Count the lines below that include "units". Only the number should be given.

AVAILABLE DATA section start

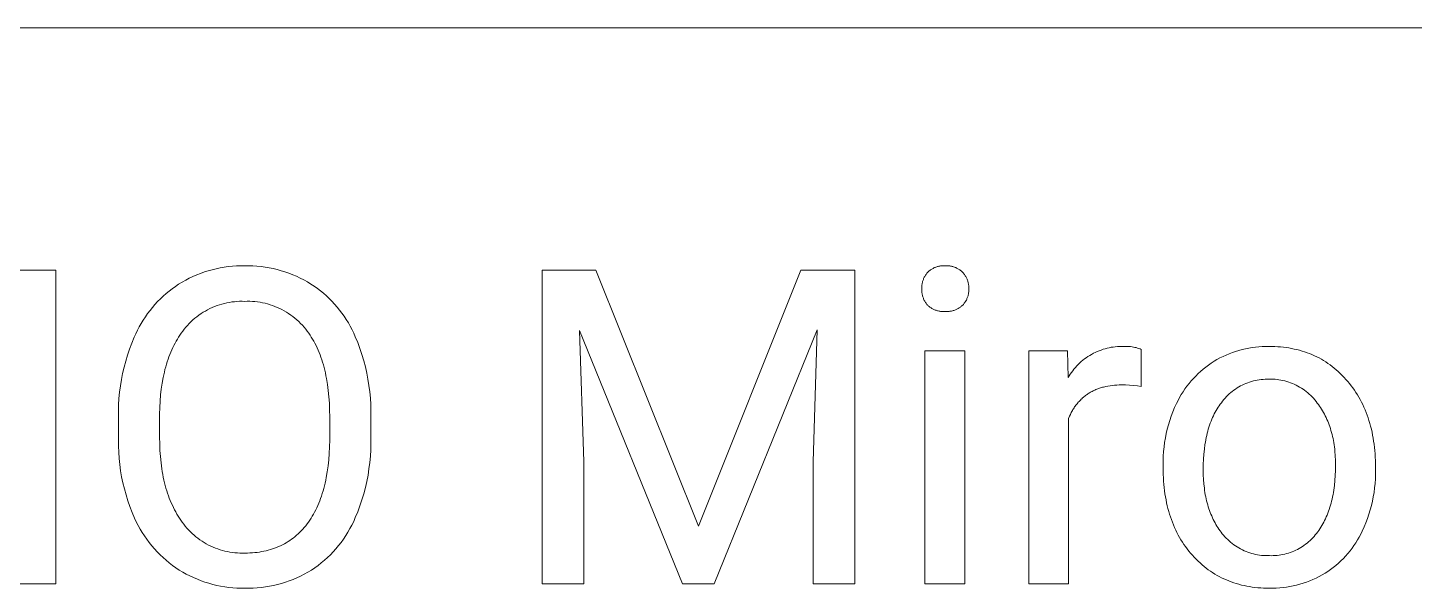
# Model space of a CAD drawing. Header units: millimetres. Extents: x -1480 to 5249, y -840 to 3860.
# Drawn here: x 3337.3 to 3618.7, y -202 to -88.2 of the extents above; entities that cross this region are included whole.
import ezdxf

# ---------------------------------------------------------------- set-up
doc = ezdxf.new("R2010")
doc.units = ezdxf.units.MM
doc.header["$MEASUREMENT"] = 0
doc.layers.add('Domyślny', color=7, linetype='Continuous', true_color=0x000000)

msp = doc.modelspace()

# ---------------------------------------------------------------- linework, layer by layer
at = {"layer": 'Domyślny', "color": 18, "lineweight": 15, "true_color": 0x000000}
for p, q in [((5242.52, -88.19), (2706.18, -88.19)), ((3334.62, -137.39), (3342.98, -137.39)), ((3342.98, -137.39), (3342.98, -201.11)), ((3372.34, -138.06), (3373.12, -137.78)), ((3373.12, -137.78), (3373.91, -137.53)), ((3373.91, -137.53), (3374.71, -137.31)), ((3374.71, -137.31), (3375.52, -137.11)), ((3375.52, -137.11), (3376.33, -136.94)), ((3376.33, -136.94), (3377.15, -136.8)), ((3377.15, -136.8), (3377.97, -136.69)), ((3377.97, -136.69), (3378.79, -136.61)), ((3378.79, -136.61), (3379.62, -136.55)), ((3379.62, -136.55), (3380.45, -136.52)), ((3380.45, -136.52), (3381.28, -136.52)), ((3381.28, -136.52), (3382.11, -136.52)), ((3382.11, -136.52), (3382.95, -136.55)), ((3382.95, -136.55), (3383.78, -136.6)), ((3383.78, -136.6), (3384.61, -136.69)), ((3384.61, -136.69), (3385.43, -136.8)), ((3385.43, -136.8), (3386.25, -136.94)), ((3386.25, -136.94), (3387.07, -137.1)), ((3387.07, -137.1), (3387.88, -137.3)), ((3387.88, -137.3), (3388.68, -137.52)), ((3388.68, -137.52), (3389.47, -137.76)), ((3389.47, -137.76), (3390.26, -138.04)), ((3441.71, -201.12), (3441.71, -137.4)), ((3441.71, -137.4), (3452.55, -137.4)), ((3452.55, -137.4), (3473.39, -189.38)), ((3473.39, -189.38), (3494.21, -137.4)), ((3494.21, -137.4), (3505.12, -137.4)), ((3505.12, -137.4), (3505.12, -201.12)), ((3519.8, -138.01), (3519.91, -137.88)), ((3519.91, -137.88), (3520.02, -137.77)), ((3520.02, -137.77), (3520.14, -137.66)), ((3520.14, -137.66), (3520.26, -137.56)), ((3520.26, -137.56), (3520.38, -137.46)), ((3520.38, -137.46), (3520.51, -137.37)), ((3520.51, -137.37), (3520.64, -137.28)), ((3520.64, -137.28), (3520.77, -137.19)), ((3520.77, -137.19), (3520.91, -137.11)), ((3520.91, -137.11), (3521.04, -137.04)), ((3521.04, -137.04), (3521.19, -136.96)), ((3521.19, -136.96), (3521.33, -136.9)), ((3521.33, -136.9), (3521.48, -136.84)), ((3521.48, -136.84), (3521.62, -136.78)), ((3521.62, -136.78), (3521.77, -136.73)), ((3521.77, -136.73), (3521.92, -136.68)), ((3521.92, -136.68), (3522.08, -136.64)), ((3522.08, -136.64), (3522.23, -136.61)), ((3522.23, -136.61), (3522.39, -136.58)), ((3522.39, -136.58), (3522.54, -136.55)), ((3522.54, -136.55), (3522.7, -136.53)), ((3522.7, -136.53), (3522.86, -136.52)), ((3522.86, -136.52), (3523.02, -136.51)), ((3523.02, -136.51), (3523.17, -136.51)), ((3523.17, -136.51), (3523.33, -136.51)), ((3523.33, -136.51), (3523.49, -136.52)), ((3523.49, -136.52), (3523.65, -136.51)), ((3523.65, -136.51), (3523.81, -136.51)), ((3523.81, -136.51), (3523.96, -136.51)), ((3523.96, -136.51), (3524.12, -136.52)), ((3524.12, -136.52), (3524.28, -136.53)), ((3524.28, -136.53), (3524.44, -136.55)), ((3524.44, -136.55), (3524.59, -136.58)), ((3524.59, -136.58), (3524.75, -136.61)), ((3524.75, -136.61), (3524.9, -136.64)), ((3524.9, -136.64), (3525.06, -136.69)), ((3525.06, -136.69), (3525.21, -136.73)), ((3525.21, -136.73), (3525.36, -136.78)), ((3525.36, -136.78), (3525.5, -136.84)), ((3525.5, -136.84), (3525.65, -136.9)), ((3525.65, -136.9), (3525.79, -136.97)), ((3525.79, -136.97), (3525.94, -137.04)), ((3525.94, -137.04), (3526.07, -137.11)), ((3526.07, -137.11), (3526.21, -137.19)), ((3526.21, -137.19), (3526.34, -137.28)), ((3526.34, -137.28), (3526.47, -137.37)), ((3526.47, -137.37), (3526.6, -137.46)), ((3526.6, -137.46), (3526.72, -137.56)), ((3526.72, -137.56), (3526.85, -137.66)), ((3526.85, -137.66), (3526.96, -137.77)), ((3526.96, -137.77), (3527.08, -137.88)), ((3527.08, -137.88), (3527.18, -138.01)), ((3366.59, -141.17), (3367.23, -140.71)), ((3367.23, -140.71), (3367.88, -140.26)), ((3367.88, -140.26), (3368.59, -139.83)), ((3368.59, -139.83), (3369.32, -139.43)), ((3369.32, -139.43), (3370.05, -139.05)), ((3370.05, -139.05), (3370.8, -138.69)), ((3370.8, -138.69), (3371.56, -138.36)), ((3371.56, -138.36), (3372.34, -138.06)), ((3390.26, -138.04), (3391.04, -138.34)), ((3391.04, -138.34), (3391.8, -138.66)), ((3391.8, -138.66), (3392.56, -139.02)), ((3392.56, -139.02), (3393.3, -139.39)), ((3393.3, -139.39), (3394.03, -139.79)), ((3394.03, -139.79), (3394.75, -140.22)), ((3394.75, -140.22), (3395.4, -140.66)), ((3395.4, -140.66), (3396.05, -141.11)), ((3518.72, -140.87), (3518.73, -140.71)), ((3518.73, -140.71), (3518.75, -140.54)), ((3518.75, -140.54), (3518.77, -140.38)), ((3518.77, -140.38), (3518.79, -140.22)), ((3518.79, -140.22), (3518.82, -140.06)), ((3518.82, -140.06), (3518.86, -139.9)), ((3518.86, -139.9), (3518.9, -139.74)), ((3518.9, -139.74), (3518.95, -139.58)), ((3518.95, -139.58), (3519, -139.43)), ((3519, -139.43), (3519.06, -139.28)), ((3519.06, -139.28), (3519.12, -139.12)), ((3519.12, -139.12), (3519.19, -138.98)), ((3519.19, -138.98), (3519.26, -138.83)), ((3519.26, -138.83), (3519.34, -138.68)), ((3519.34, -138.68), (3519.42, -138.54)), ((3519.42, -138.54), (3519.51, -138.4)), ((3519.51, -138.4), (3519.6, -138.27)), ((3519.6, -138.27), (3519.7, -138.14)), ((3519.7, -138.14), (3519.8, -138.01)), ((3527.18, -138.01), (3527.29, -138.13)), ((3527.29, -138.13), (3527.39, -138.27)), ((3527.39, -138.27), (3527.48, -138.4)), ((3527.48, -138.4), (3527.57, -138.54)), ((3527.57, -138.54), (3527.66, -138.68)), ((3527.66, -138.68), (3527.74, -138.82)), ((3527.74, -138.82), (3527.81, -138.97)), ((3527.81, -138.97), (3527.88, -139.12)), ((3527.88, -139.12), (3527.95, -139.27)), ((3527.95, -139.27), (3528.01, -139.42)), ((3528.01, -139.42), (3528.06, -139.58)), ((3528.06, -139.58), (3528.11, -139.73)), ((3528.11, -139.73), (3528.15, -139.89)), ((3528.15, -139.89), (3528.19, -140.05)), ((3528.19, -140.05), (3528.23, -140.21)), ((3528.23, -140.21), (3528.25, -140.38)), ((3528.25, -140.38), (3528.28, -140.54)), ((3528.28, -140.54), (3528.29, -140.7)), ((3528.29, -140.7), (3528.3, -140.87)), ((3363.63, -143.8), (3364.18, -143.23)), ((3364.18, -143.23), (3364.76, -142.69)), ((3364.76, -142.69), (3365.35, -142.16)), ((3365.35, -142.16), (3365.96, -141.66)), ((3365.96, -141.66), (3366.59, -141.17)), ((3396.05, -141.11), (3396.67, -141.59)), ((3396.67, -141.59), (3397.28, -142.1)), ((3397.28, -142.1), (3397.88, -142.62)), ((3397.88, -142.62), (3398.45, -143.16)), ((3398.45, -143.16), (3399.01, -143.72)), ((3518.72, -141.03), (3518.72, -140.87)), ((3518.72, -141.2), (3518.72, -141.03)), ((3518.72, -141.36), (3518.72, -141.2)), ((3518.72, -141.52), (3518.72, -141.36)), ((3518.73, -141.69), (3518.72, -141.52)), ((3518.74, -141.85), (3518.73, -141.69)), ((3518.76, -142.01), (3518.74, -141.85)), ((3518.79, -142.17), (3518.76, -142.01)), ((3518.82, -142.33), (3518.79, -142.17)), ((3518.86, -142.49), (3518.82, -142.33)), ((3518.9, -142.65), (3518.86, -142.49)), ((3518.95, -142.8), (3518.9, -142.65)), ((3519, -142.96), (3518.95, -142.8)), ((3519.06, -143.11), (3519, -142.96)), ((3519.12, -143.26), (3519.06, -143.11)), ((3519.19, -143.41), (3519.12, -143.26)), ((3519.26, -143.55), (3519.19, -143.41)), ((3527.79, -143.47), (3527.72, -143.6)), ((3527.86, -143.33), (3527.79, -143.47)), ((3527.92, -143.18), (3527.86, -143.33)), ((3527.98, -143.04), (3527.92, -143.18)), ((3528.04, -142.89), (3527.98, -143.04)), ((3528.09, -142.74), (3528.04, -142.89)), ((3528.13, -142.59), (3528.09, -142.74)), ((3528.17, -142.44), (3528.13, -142.59)), ((3528.21, -142.29), (3528.17, -142.44)), ((3528.24, -142.13), (3528.21, -142.29)), ((3528.26, -141.98), (3528.24, -142.13)), ((3528.28, -141.82), (3528.26, -141.98)), ((3528.3, -141.67), (3528.28, -141.82)), ((3528.3, -140.87), (3528.31, -141.03)), ((3528.31, -141.51), (3528.3, -141.67)), ((3528.31, -141.03), (3528.31, -141.2)), ((3528.31, -141.2), (3528.31, -141.35)), ((3528.31, -141.35), (3528.31, -141.51)), ((3361.14, -146.87), (3361.6, -146.23)), ((3361.6, -146.23), (3362.08, -145.59)), ((3362.08, -145.59), (3362.57, -144.98)), ((3362.57, -144.98), (3363.09, -144.38)), ((3363.09, -144.38), (3363.63, -143.8)), ((3372.44, -146.24), (3372.02, -146.54)), ((3372.88, -145.96), (3372.44, -146.24)), ((3373.33, -145.7), (3372.88, -145.96)), ((3373.78, -145.45), (3373.33, -145.7)), ((3374.24, -145.21), (3373.78, -145.45)), ((3374.71, -145), (3374.24, -145.21)), ((3375.19, -144.79), (3374.71, -145)), ((3375.68, -144.61), (3375.19, -144.79)), ((3376.17, -144.44), (3375.68, -144.61)), ((3376.66, -144.29), (3376.17, -144.44)), ((3377.17, -144.16), (3376.66, -144.29)), ((3377.67, -144.04), (3377.17, -144.16)), ((3378.18, -143.95), (3377.67, -144.04)), ((3378.69, -143.87), (3378.18, -143.95)), ((3379.21, -143.81), (3378.69, -143.87)), ((3379.73, -143.76), (3379.21, -143.81)), ((3380.24, -143.73), (3379.73, -143.76)), ((3380.76, -143.73), (3380.24, -143.73)), ((3381.28, -143.74), (3380.76, -143.73)), ((3381.81, -143.72), (3381.28, -143.74)), ((3382.33, -143.73), (3381.81, -143.72)), ((3382.85, -143.75), (3382.33, -143.73)), ((3383.38, -143.79), (3382.85, -143.75)), ((3383.9, -143.85), (3383.38, -143.79)), ((3384.41, -143.93), (3383.9, -143.85)), ((3384.93, -144.03), (3384.41, -143.93)), ((3385.44, -144.14), (3384.93, -144.03)), ((3385.95, -144.27), (3385.44, -144.14)), ((3386.45, -144.42), (3385.95, -144.27)), ((3386.95, -144.59), (3386.45, -144.42)), ((3387.44, -144.77), (3386.95, -144.59)), ((3387.92, -144.97), (3387.44, -144.77)), ((3388.4, -145.19), (3387.92, -144.97)), ((3388.87, -145.42), (3388.4, -145.19)), ((3389.33, -145.67), (3388.87, -145.42)), ((3389.78, -145.94), (3389.33, -145.67)), ((3390.22, -146.22), (3389.78, -145.94)), ((3390.65, -146.52), (3390.22, -146.22)), ((3399.01, -143.72), (3399.55, -144.29)), ((3399.55, -144.29), (3400.06, -144.89)), ((3400.06, -144.89), (3400.56, -145.5)), ((3400.56, -145.5), (3401.04, -146.13)), ((3401.04, -146.13), (3401.49, -146.78)), ((3519.34, -143.7), (3519.26, -143.55)), ((3519.42, -143.84), (3519.34, -143.7)), ((3519.51, -143.97), (3519.42, -143.84)), ((3519.6, -144.11), (3519.51, -143.97)), ((3519.7, -144.24), (3519.6, -144.11)), ((3519.8, -144.37), (3519.7, -144.24)), ((3519.91, -144.49), (3519.8, -144.37)), ((3520.02, -144.6), (3519.91, -144.49)), ((3520.14, -144.7), (3520.02, -144.6)), ((3520.26, -144.8), (3520.14, -144.7)), ((3520.39, -144.9), (3520.26, -144.8)), ((3520.51, -144.99), (3520.39, -144.9)), ((3520.64, -145.07), (3520.51, -144.99)), ((3520.78, -145.16), (3520.64, -145.07)), ((3520.91, -145.23), (3520.78, -145.16)), ((3521.05, -145.31), (3520.91, -145.23)), ((3521.2, -145.38), (3521.05, -145.31)), ((3521.34, -145.44), (3521.2, -145.38)), ((3521.49, -145.5), (3521.34, -145.44)), ((3521.63, -145.55), (3521.49, -145.5)), ((3521.78, -145.6), (3521.63, -145.55)), ((3521.93, -145.64), (3521.78, -145.6)), ((3522.09, -145.68), (3521.93, -145.64)), ((3522.24, -145.71), (3522.09, -145.68)), ((3522.39, -145.74), (3522.24, -145.71)), ((3522.55, -145.77), (3522.39, -145.74)), ((3522.71, -145.78), (3522.55, -145.77)), ((3522.86, -145.79), (3522.71, -145.78)), ((3523.02, -145.8), (3522.86, -145.79)), ((3523.18, -145.8), (3523.02, -145.8)), ((3523.33, -145.8), (3523.18, -145.8)), ((3523.49, -145.79), (3523.33, -145.8)), ((3523.65, -145.8), (3523.49, -145.79)), ((3523.82, -145.8), (3523.65, -145.8)), ((3523.98, -145.8), (3523.82, -145.8)), ((3524.14, -145.79), (3523.98, -145.8)), ((3524.31, -145.78), (3524.14, -145.79)), ((3524.47, -145.76), (3524.31, -145.78)), ((3524.63, -145.73), (3524.47, -145.76)), ((3524.79, -145.7), (3524.63, -145.73)), ((3524.95, -145.66), (3524.79, -145.7)), ((3525.11, -145.62), (3524.95, -145.66)), ((3525.27, -145.57), (3525.11, -145.62)), ((3525.42, -145.52), (3525.27, -145.57)), ((3525.57, -145.46), (3525.42, -145.52)), ((3525.72, -145.4), (3525.57, -145.46)), ((3525.87, -145.33), (3525.72, -145.4)), ((3526.02, -145.26), (3525.87, -145.33)), ((3526.16, -145.18), (3526.02, -145.26)), ((3526.3, -145.09), (3526.16, -145.18)), ((3526.44, -145), (3526.3, -145.09)), ((3526.57, -144.91), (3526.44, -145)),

AVAILABLE DATA section end

- RESPONSE
2